# Layout Boats



## Aythya (Oct 23, 2004)

I am thinking about purchasing a layout boat. I want one that can hold my dog, a few dozen decoys, and me. Anybody have any recommendations?


----------



## Lance_M. (Feb 3, 2006)

http://www.momarsh.com/

nuff said


----------



## Storm (Dec 8, 2004)

I have been looking for something similar to a MoMarsh but less expensive. The MoMarsh is going to run close to $1,000 before putting a blind on it or cover. Does anyone know of something less expensive?


----------



## Lance_M. (Feb 3, 2006)

try a canoe then...low pro and carry lots of gear


----------



## Storm (Dec 8, 2004)

Lance_M. said:


> try a canoe then...low pro and carry lots of gear


I don't need something that carries alot of gear. I just basically need something that floats, low profile, and will hold me. I don't hunt big water, smaller pot holes. I have found that if a person can get into the middle of a pothole away from the shore, then you can shoot lots of ducks. They fill safe landing in the middle of pond, and not so safe landing by the bank. This year I made a makeshift blind that I placed in the middle of a pothole (water was only knee deep). I shot all kinds of ducks. The only problem was carrying the blind out to the middle and the concealment wasn't great. Only worked in the morning with low light. As the sun came up I stuck out like a sore thumb. I have seen some other boats in magazines that ran about $450 but not quite what I'm looking for. Momarsh is bascially what I am looking for but $1,000 is to much.


----------



## Aythya (Oct 23, 2004)

I am looking for a layout boat for the same reason Storm mentions. I also want to use it in wetlands that have little shoreline cover but where my field layout blind won't work because it is too wet.


----------



## Wld Fowl (May 29, 2006)

http://www.carstensindustries.com These are a little cheaper but great boats.
Later,
Ryan


----------



## AdamFisk (Jan 30, 2005)

I do beleive Drake Waterfowl makes a boat similar to the one you are looking for. Check it out at drakewaterfowl.com, under blinds.


----------



## Storm (Dec 8, 2004)

AdamFisk said:


> I do beleive Drake Waterfowl makes a boat similar to the one you are looking for. Check it out at drakewaterfowl.com, under blinds.

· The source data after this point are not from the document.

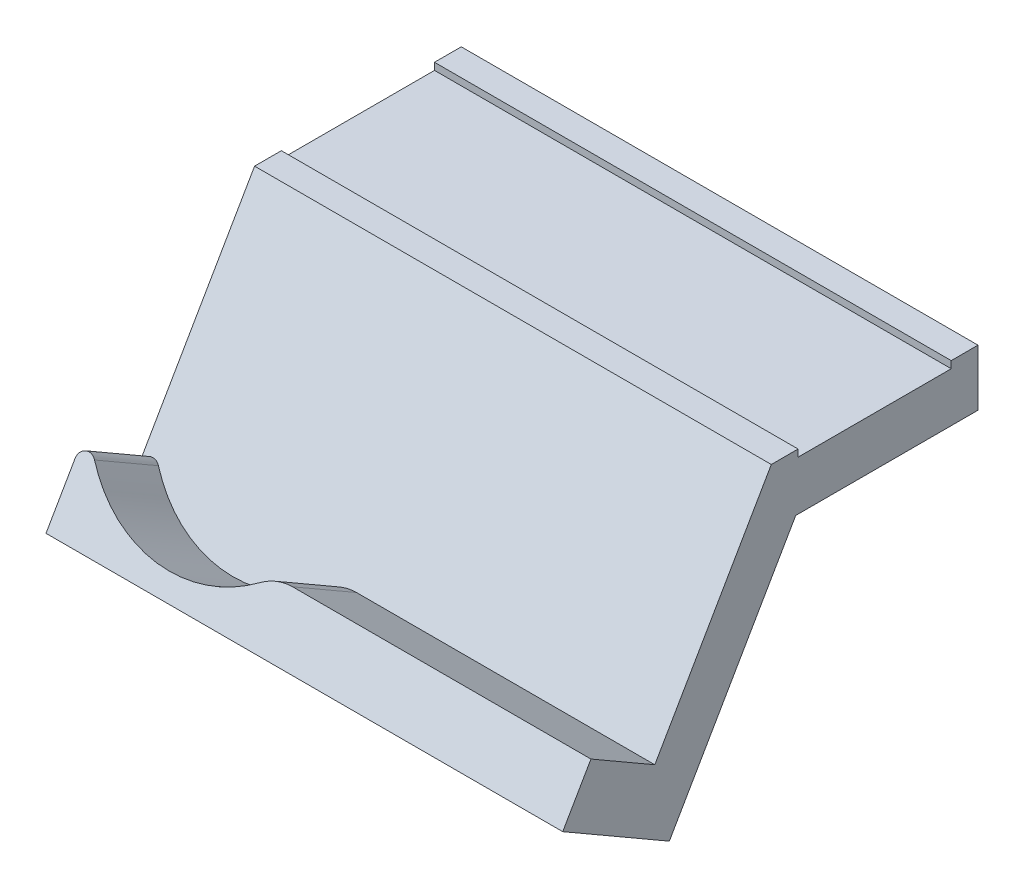
SolidWorks part; units mm, degrees
ref_plane "Front Plane" through (0, 0, 0) normal (0, 0, 1) x (1, 0, 0)
ref_plane "Top Plane" through (0, 0, 0) normal (0, 1, 0) x (1, 0, 0)
ref_plane "Right Plane" through (0, 0, 0) normal (1, 0, 0) x (0, 0, -1)
sketch "Sketch1" plane through (0, 0, 0) normal (0, 1, 0) x (1, 0, 0)
  line L1 (0, 25.95) -> (55, 25.95)
  line L2 (0, 25.95) -> (0, 0)
  line L3 (0, 0) -> (55, 0)
  line L4 (55, 25.95) -> (55, 0)
  dimension "D1" = 55
  dimension "D2" = 25.95
extrude "Boss-Extrude1" add sketch "Sketch1" along normal blind 80 contours L2 L3 L4 L1
sketch "Sketch4" plane through (55, 0, 0) normal (1, 0, 0) x (0, 0, -1)
  line L0 (25.95, 0) -> (0, 0) construction
  line L1 (-77.3025, 60) -> (-27.3025, 146.6025)
  line L2 (-77.3025, 60) -> (9.3, 10)
  line L3 (9.3, 10) -> (59.3, 96.6025)
  line L4 (-27.3025, 146.6025) -> (59.3, 96.6025)
  line L5 (0, 80) -> (0, 0) construction
  dimension "D1" = 100
  dimension "D2" = 100
  dimension "D3" = 10
  dimension "D4" = 9.3
  dimension "D5" = 60
extrude "Cut-Extrude1" cut sketch "Sketch4" against normal blind 50
sketch "Sketch5" plane through (55, 0, 0) normal (1, 0, 0) x (0, 0, -1)
  line L0 (0, 15.3694) -> (0, 0) construction
  line L1 (-11.1603, 10.2657) -> (-6.1603, 18.926)
  line L2 (-11.1603, 10.2657) -> (-2.5, 5.2657)
  line L3 (-2.5, 5.2657) -> (2.5, 13.926)
  line L4 (-6.1603, 18.926) -> (2.5, 13.926)
  line L5 (0, 15.3694) -> (9.3, 10) construction
  dimension "D1" = 10
  dimension "D2" = 10
  dimension "D3" = 2.5
extrude "Cut-Extrude2" cut sketch "Sketch5" against normal through all
sketch "Sketch12" plane through (55, 0, 0) normal (1, 0, 0) x (0, 0, -1)
  line L0 (2.5, 13.926) -> (9.3, 10)
  line L1 (9.3, 10) -> (9.8, 10.866)
  line L2 (9.3, 10) -> (25.95, 38.8386) construction
  line L3 (9.8, 10.866) -> (3, 14.792)
  line L4 (3, 14.792) -> (2.5, 13.926)
  dimension "D1" = 1
extrude "Boss-Extrude2" add sketch "Sketch12" against normal through all contours L3 L4 L0 L1
sketch "Sketch21" plane through (55, 0, 0) normal (1, 0, 0) x (0, 0, -1)
  line L0 (3, 14.792) -> (2.25, 13.493)
  line L1 (0, 9.5959) -> (3, 14.792) construction
  line L2 (2.25, 13.493) -> (9.05, 9.567)
  line L3 (9.05, 9.567) -> (9.8, 10.866)
  line L4 (9.8, 10.866) -> (3, 14.792)
  dimension "D1" = 1.5
extrude "Cut-Extrude10" cut sketch "Sketch21" against normal up to surface (50 mm away) up to face at (5, 36.256, -9.6)
sketch "Sketch6" plane through (0, -1.527, -2.6449) normal (0, 0.5, 0.866) x (1, 0, 0)
  line L0 (55, 8.3103) -> (0, 8.3103) construction
  line L3 (0, 82.257) -> (0, 69.282) construction
  circle A0 centre (12, 22.8103) radius 13.75
  dimension "D1" = 27.5
  dimension "D2" = 14.5
  dimension "D3" = 12
extrude "Cut-Extrude3" cut sketch "Sketch6" along normal through all
ref_axis "Axis2" through (12, 37.0065, 18.4767) along (0, -0.5, -0.866)
sketch "Sketch7" plane through (55, 0, 0) normal (1, 0, 0) x (0, 0, -1)
  line L0 (0, 9.5959) -> (3.8936, 16.3397)
  line L1 (17.4064, 24.0407) -> (10.6936, 12.4137) construction
  line L2 (3.8936, 16.3397) -> (10.6936, 12.4137)
  line L3 (10.6936, 12.4137) -> (66.8017, 109.5959)
  line L4 (66.8017, 109.5959) -> (25.4084, 109.5959)
  line L5 (25.4084, 109.5959) -> (0, 109.5959)
  line L6 (0, 109.5959) -> (0, 9.5959)
  line L7 (10.6936, 12.4137) -> (0, 18.5877) construction
  line L8 (9.05, 9.567) -> (25.95, 38.8386) construction
  dimension "D1" = 100
extrude "Cut-Extrude4" cut sketch "Sketch7" against normal through all contours L5 L6 L0 L2 L3 L4
sketch "Sketch8" plane through (0, 0, 0) normal (0, 1, 0) x (1, 0, 0)
  line L0 (12, -18.4767) -> (12, 1.6454) construction
  line L3 (55, 25.95) -> (0, 25.95) construction
  circle A0 centre (25.75, 27.45) radius 6
  dimension "D1" = 12
  dimension "D3" = 1.5
  dimension "D2" = 13.75
extrude "Cut-Extrude5" cut sketch "Sketch8" along normal through all contours A0
sketch "Sketch9" plane through (55, 0, 0) normal (1, 0, 0) x (0, 0, -1)
  line L0 (21.45, 31.0444) -> (25.95, 31.0444)
  line L1 (25.95, 38.8386) -> (25.95, 0) construction
  line L2 (25.95, 31.0444) -> (25.95, 38.8386)
  line L3 (25.95, 38.8386) -> (21.45, 31.0444)
extrude "Cut-Extrude6" cut sketch "Sketch9" against normal through all
sketch "Sketch10" plane through (0, 0, 0) normal (0, 1, 0) x (1, 0, 0)
  line L0 (0, 21.45) -> (25.75, 21.45) construction
  line L1 (55, 21.45) -> (0, 21.45)
  line L2 (55, 21.45) -> (55, 25.95)
  line L3 (55, 25.95) -> (0, 25.95)
  line L4 (0, 21.45) -> (0, 25.95)
  line L5 (0, 21.45) -> (0, 10.6936) construction
extrude "Cut-Extrude7" cut sketch "Sketch10" along normal through all
fillet "Fillet5" radius 1 1 edges at (0, 14.3767, -7.2936) tangent propagation no
fillet "Fillet6" radius 5 1 edges at (21.4373, 11.53, -5.65)
sketch "Sketch16" plane through (55, 0, 0) normal (1, 0, 0) x (0, 0, -1)
  line L0 (21.45, 20.5444) -> (11.3466, 3.0449)
  line L1 (21.45, 31.0444) -> (21.45, 0) construction
  line L2 (11.3466, 3.0449) -> (0, 9.5959)
  line L3 (0, 9.5959) -> (0, 0)
  line L4 (0, 0) -> (21.45, 0)
  line L5 (21.45, 0) -> (21.45, 20.5444)
  line L6 (9.05, 9.567) -> (21.45, 31.0444) construction
  line L7 (21.45, 0) -> (0, 0) construction
  dimension "D1" = 10.5
extrude "Cut-Extrude8" cut sketch "Sketch16" against normal through all
sketch "Sketch17" plane through (0, 0, -21.45) normal (0, 0, -1) x (-1, 0, 0)
  line L1 (-55, 31.0444) -> (0, 31.0444)
  line L2 (-55, 31.0444) -> (-55, 25.0444)
  line L3 (-55, 25.0444) -> (0, 25.0444)
  line L4 (0, 31.0444) -> (0, 25.0444)
  dimension "D1" = 6
extrude "Boss-Extrude4" add sketch "Sketch17" along normal blind 22
sketch "Sketch18" plane through (55, 0, 0) normal (1, 0, 0) x (0, 0, -1)
  line L0 (16.3983, 11.7946) -> (27.5122, 31.0444)
  line L1 (21.45, 20.5444) -> (11.3466, 3.0449) construction
  line L2 (43.45, 31.0444) -> (21.45, 31.0444) construction
  line L3 (27.5122, 31.0444) -> (21.45, 31.0444)
  line L4 (21.45, 31.0444) -> (11.8517, 14.4196)
  line L5 (9.05, 9.567) -> (21.45, 31.0444) construction
  line L6 (11.8517, 14.4196) -> (16.3983, 11.7946)
extrude "Boss-Extrude5" add sketch "Sketch18" against normal up to surface (55 mm away) contours L0 L3 L4 L6 up to face at (0, 18.997, -20.5633)
sketch "Sketch19" plane through (0, 31.0444, 0) normal (0, 1, 0) x (1, 0, 0)
  line L0 (0, 43.45) -> (0, 21.45) construction
  line L1 (0, 40.6) -> (55, 40.6)
  line L2 (0, 40.6) -> (0, 24.3)
  line L3 (0, 24.3) -> (55, 24.3)
  line L4 (55, 40.6) -> (55, 24.3)
  line L5 (55, 43.45) -> (55, 21.45) construction
  point P8 (0, 32.45)
  dimension "D1" = 16.3
extrude "Cut-Extrude9" cut sketch "Sketch19" against normal blind 0.75
sketch "Sketch20" plane through (55, 0, 0) normal (1, 0, 0) x (0, 0, -1)
  line L0 (0, 9.5959) -> (-0.75, 8.2968)
  line L1 (-0.75, 8.2968) -> (10.5966, 1.7458)
  line L2 (10.5966, 1.7458) -> (11.3466, 3.0449)
  line L3 (11.3466, 3.0449) -> (0, 9.5959)
  line L4 (0, 9.5959) -> (2.25, 13.493) construction
  line L5 (24.0481, 25.0444) -> (11.3466, 3.0449) construction
  dimension "D1" = 1.5
extrude "Boss-Extrude6" add sketch "Sketch20" against normal up to surface (55 mm away) contours L1 L2 L3 L0 up to face at (0, 22.5714, -24.5599)

This is what I am looking for. The only question I would have is how deep of water can you use it in. The photos show it being used in ankle deep water. How about using it in 3-5 feet of water? Will it float and act as a boat, or is it basically a waterproof layout blind?


----------



## AdamFisk (Jan 30, 2005)

I don't know anyting about it, I just remembered seeing it on their website, thought it may be helpful. If I was you I would call them and talk to a sales rep. If you do, let us know what you find out.


----------



## IOWAFOWLER (Nov 30, 2006)

Guys I don't know much about them but I would like to get one as well. If you go to Iowaoutdoors.com a guy in NW Ill. is selling 2 of them for $400 each. They are the ones one this website www.attbar.com under the Aquapod section. The guy on Iowaoutdoors has 10's forsale. Seem like a real nice unit.


----------



## deadduck6 (Oct 3, 2006)

CHECK MIGHTYLAYOUTBOYS.COM
I BELIEVE THEY ARE IN INDIANA.


----------